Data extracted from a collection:
==================================================

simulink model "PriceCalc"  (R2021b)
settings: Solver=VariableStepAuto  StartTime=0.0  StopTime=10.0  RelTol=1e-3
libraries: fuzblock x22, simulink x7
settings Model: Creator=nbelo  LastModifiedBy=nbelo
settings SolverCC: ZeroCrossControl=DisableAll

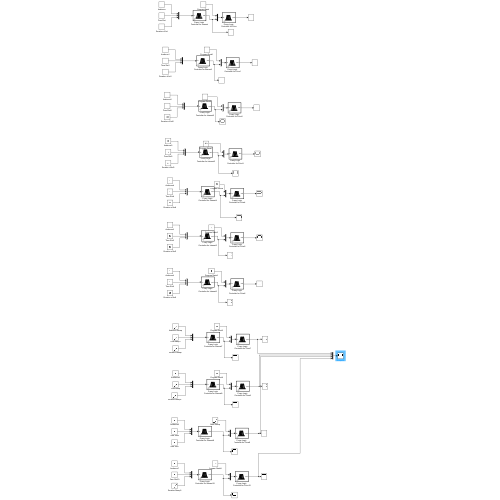
[thumbnail: Simulink's stored preview of the top-level diagram]
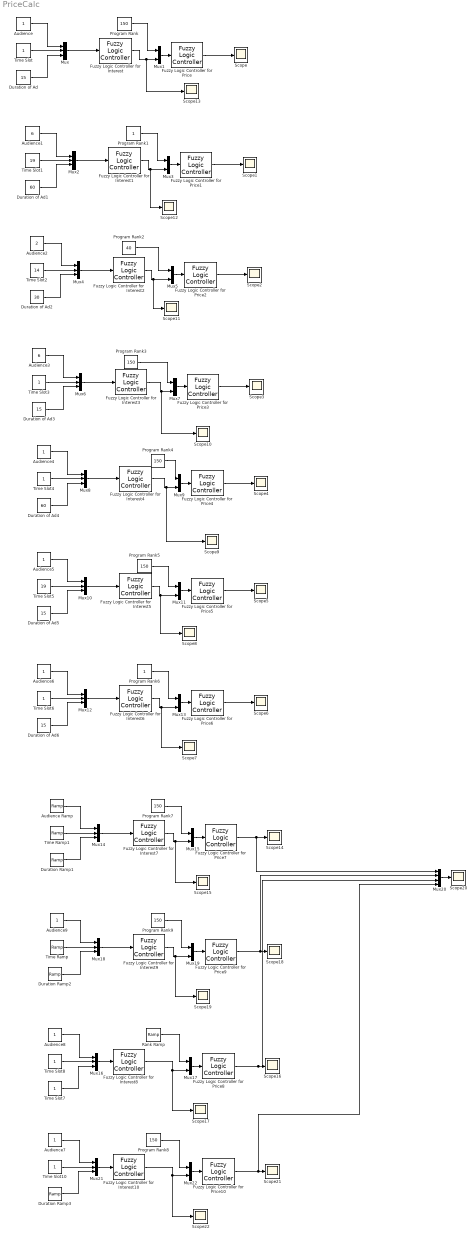
== system PriceCalc ==
  Audience{,4..9} (7 alike) : Constant
  Audience Ramp : simulink/Sources/Ramp  slope=.8  start=0  InitialOutput=0
  Audience1 : Constant  Value=6
  Audience2 : Constant  Value=2
  Audience3 : Constant  Value=6
  Duration Ramp1 : simulink/Sources/Ramp  slope=12  start=0  InitialOutput=0
  Duration Ramp2 : simulink/Sources/Ramp  slope=12  start=0  InitialOutput=0
  Duration Ramp3 : simulink/Sources/Ramp  slope=12  start=0  InitialOutput=0
  Duration of Ad{,3,5..6} (4 alike) : Constant  Value=15
  Duration of Ad1 : Constant  Value=60
  Duration of Ad2 : Constant  Value=30
  Duration of Ad4 : Constant  Value=60
  Fuzzy Logic Controller for Interest{,1..10} (11 alike) : fuzblock/Fuzzy Logic  Controller  FIS=Interest  OutputSampleNumber=101  DataType=double  FuzzifiedInputs=off  RuleFiringStrengths=off  RuleOutputs=off  AggregatedOutputs=off  SimulateUsing=Interpreted execution  OutOfRangeInputValueMessage=warning  NoRuleFiredMessage=warning  EmptyOutputFuzzySetMessage=warning
  Fuzzy Logic Controller for Price{,1..10} (11 alike) : fuzblock/Fuzzy Logic  Controller  FIS=Price  OutputSampleNumber=101  DataType=double  FuzzifiedInputs=off  RuleFiringStrengths=off  RuleOutputs=off  AggregatedOutputs=off  SimulateUsing=Interpreted execution  OutOfRangeInputValueMessage=warning  NoRuleFiredMessage=warning  EmptyOutputFuzzySetMessage=warning
  Mux{,2,4,6,8,10,12,14,16,18,21} (11 alike) : Mux  Inputs=3
  Mux{1,3,5,7,9,11,13,15,17,19,22} (11 alike) : Mux  Inputs=2
  Mux20 : Mux
  Program Rank{,3..5,7..9} (7 alike) : Constant  Value=150
  Program Rank1 : Constant
  Program Rank2 : Constant  Value=40
  Program Rank6 : Constant
  Rank Ramp : simulink/Sources/Ramp  slope=20  start=0  InitialOutput=0
  Scope{,1..22} (23 alike) : Scope
  Time Ramp : simulink/Sources/Ramp  slope=2.4  start=0  InitialOutput=0
  Time Ramp1 : simulink/Sources/Ramp  slope=2.4  start=0  InitialOutput=0
  Time Slot{,3..4,6..8,10} (7 alike) : Constant
  Time Slot1 : Constant  Value=19
  Time Slot2 : Constant  Value=14
  Time Slot5 : Constant  Value=19
  wires:
  Time Slot/1 -> Mux/2
  Audience/1 -> Mux/1
  Duration of Ad/1 -> Mux/3
  Mux/1 -> Fuzzy Logic Controller for Interest/1
  Mux1/1 -> Fuzzy Logic Controller for Price/1
  Fuzzy Logic Controller for Price/1 -> Scope/1
  Mux2/1 -> Fuzzy Logic Controller for Interest1/1
  Time Slot1/1 -> Mux2/2
  Audience1/1 -> Mux2/1
  Fuzzy Logic Controller for Price1/1 -> Scope1/1
  Mux3/1 -> Fuzzy Logic Controller for Price1/1
  Duration of Ad1/1 -> Mux2/3
  Mux4/1 -> Fuzzy Logic Controller for Interest2/1
  Time Slot2/1 -> Mux4/2
  Audience2/1 -> Mux4/1
  Fuzzy Logic Controller for Price2/1 -> Scope2/1
  Mux5/1 -> Fuzzy Logic Controller for Price2/1
  Duration of Ad2/1 -> Mux4/3
  Mux6/1 -> Fuzzy Logic Controller for Interest3/1
  Time Slot3/1 -> Mux6/2
  Audience3/1 -> Mux6/1
  Fuzzy Logic Controller for Price3/1 -> Scope3/1
  Mux7/1 -> Fuzzy Logic Controller for Price3/1
  Duration of Ad3/1 -> Mux6/3
  Mux8/1 -> Fuzzy Logic Controller for Interest4/1
  Time Slot4/1 -> Mux8/2
  Audience4/1 -> Mux8/1
  Fuzzy Logic Controller for Price4/1 -> Scope4/1
  Mux9/1 -> Fuzzy Logic Controller for Price4/1
  Duration of Ad4/1 -> Mux8/3
  Mux10/1 -> Fuzzy Logic Controller for Interest5/1
  Time Slot5/1 -> Mux10/2
  Audience5/1 -> Mux10/1
  Fuzzy Logic Controller for Price5/1 -> Scope5/1
  Mux11/1 -> Fuzzy Logic Controller for Price5/1
  Duration of Ad5/1 -> Mux10/3
  Mux12/1 -> Fuzzy Logic Controller for Interest6/1
  Time Slot6/1 -> Mux12/2
  Audience6/1 -> Mux12/1
  Fuzzy Logic Controller for Price6/1 -> Scope6/1
  Mux13/1 -> Fuzzy Logic Controller for Price6/1
  Duration of Ad6/1 -> Mux12/3
  Program Rank/1 -> Mux1/1
  Program Rank1/1 -> Mux3/1
  Fuzzy Logic Controller for Interest1/1 -> Scope12/1, Mux3/2
  Program Rank2/1 -> Mux5/1
  Fuzzy Logic Controller for Interest2/1 -> Scope11/1, Mux5/2
  Fuzzy Logic Controller for Interest3/1 -> Scope10/1, Mux7/2
  Program Rank3/1 -> Mux7/1
  Fuzzy Logic Controller for Interest4/1 -> Scope9/1, Mux9/2
  Program Rank4/1 -> Mux9/1
  Program Rank5/1 -> Mux11/1
  Fuzzy Logic Controller for Interest5/1 -> Scope8/1, Mux11/2
  Program Rank6/1 -> Mux13/1
  Fuzzy Logic Controller for Interest6/1 -> Scope7/1, Mux13/2
  Fuzzy Logic Controller for Interest/1 -> Scope13/1, Mux1/2
  Program Rank7/1 -> Mux15/1
  Fuzzy Logic Controller for Interest7/1 -> Scope15/1, Mux15/2
  Audience Ramp/1 -> Mux14/1
  Duration Ramp1/1 -> Mux14/3
  Mux14/1 -> Fuzzy Logic Controller for Interest7/1
  Time Ramp1/1 -> Mux14/2
  Fuzzy Logic Controller for Price7/1 -> Mux20/1, Scope14/1
  Mux15/1 -> Fuzzy Logic Controller for Price7/1
  Rank Ramp/1 -> Mux17/1
  Fuzzy Logic Controller for Interest8/1 -> Scope17/1, Mux17/2
  Time Slot7/1 -> Mux16/3
  Mux16/1 -> Fuzzy Logic Controller for Interest8/1
  Time Slot8/1 -> Mux16/2
  Fuzzy Logic Controller for Price8/1 -> Mux20/3, Scope16/1
  Mux17/1 -> Fuzzy Logic Controller for Price8/1
  Program Rank9/1 -> Mux19/1
  Fuzzy Logic Controller for Interest9/1 -> Scope19/1, Mux19/2
  Audience9/1 -> Mux18/1
  Duration Ramp2/1 -> Mux18/3
  Mux18/1 -> Fuzzy Logic Controller for Interest9/1
  Fuzzy Logic Controller for Price9/1 -> Mux20/2, Scope18/1
  Mux19/1 -> Fuzzy Logic Controller for Price9/1
  Mux20/1 -> Scope20/1
  Time Ramp/1 -> Mux18/2
  Audience8/1 -> Mux16/1
  Duration Ramp3/1 -> Mux21/3
  Mux22/1 -> Fuzzy Logic Controller for Price10/1
  Time Slot10/1 -> Mux21/2
  Mux21/1 -> Fuzzy Logic Controller for Interest10/1
  Fuzzy Logic Controller for Interest10/1 -> Scope22/1, Mux22/2
  Program Rank8/1 -> Mux22/1
  Audience7/1 -> Mux21/1
  Fuzzy Logic Controller for Price10/1 -> Mux20/4, Scope21/1

==================================================

### WHAT NEEDS TO BE DONE
Will you return exactly the lines above from the one with "Mux4/1 -> Fuzzy" down to the one with "Fuzzy Logic Controller for Price3/1 ->", counting both as part of the range?

### ANSWER SPACE
  Mux4/1 -> Fuzzy Logic Controller for Interest2/1
  Time Slot2/1 -> Mux4/2
  Audience2/1 -> Mux4/1
  Fuzzy Logic Controller for Price2/1 -> Scope2/1
  Mux5/1 -> Fuzzy Logic Controller for Price2/1
  Duration of Ad2/1 -> Mux4/3
  Mux6/1 -> Fuzzy Logic Controller for Interest3/1
  Time Slot3/1 -> Mux6/2
  Audience3/1 -> Mux6/1
  Fuzzy Logic Controller for Price3/1 -> Scope3/1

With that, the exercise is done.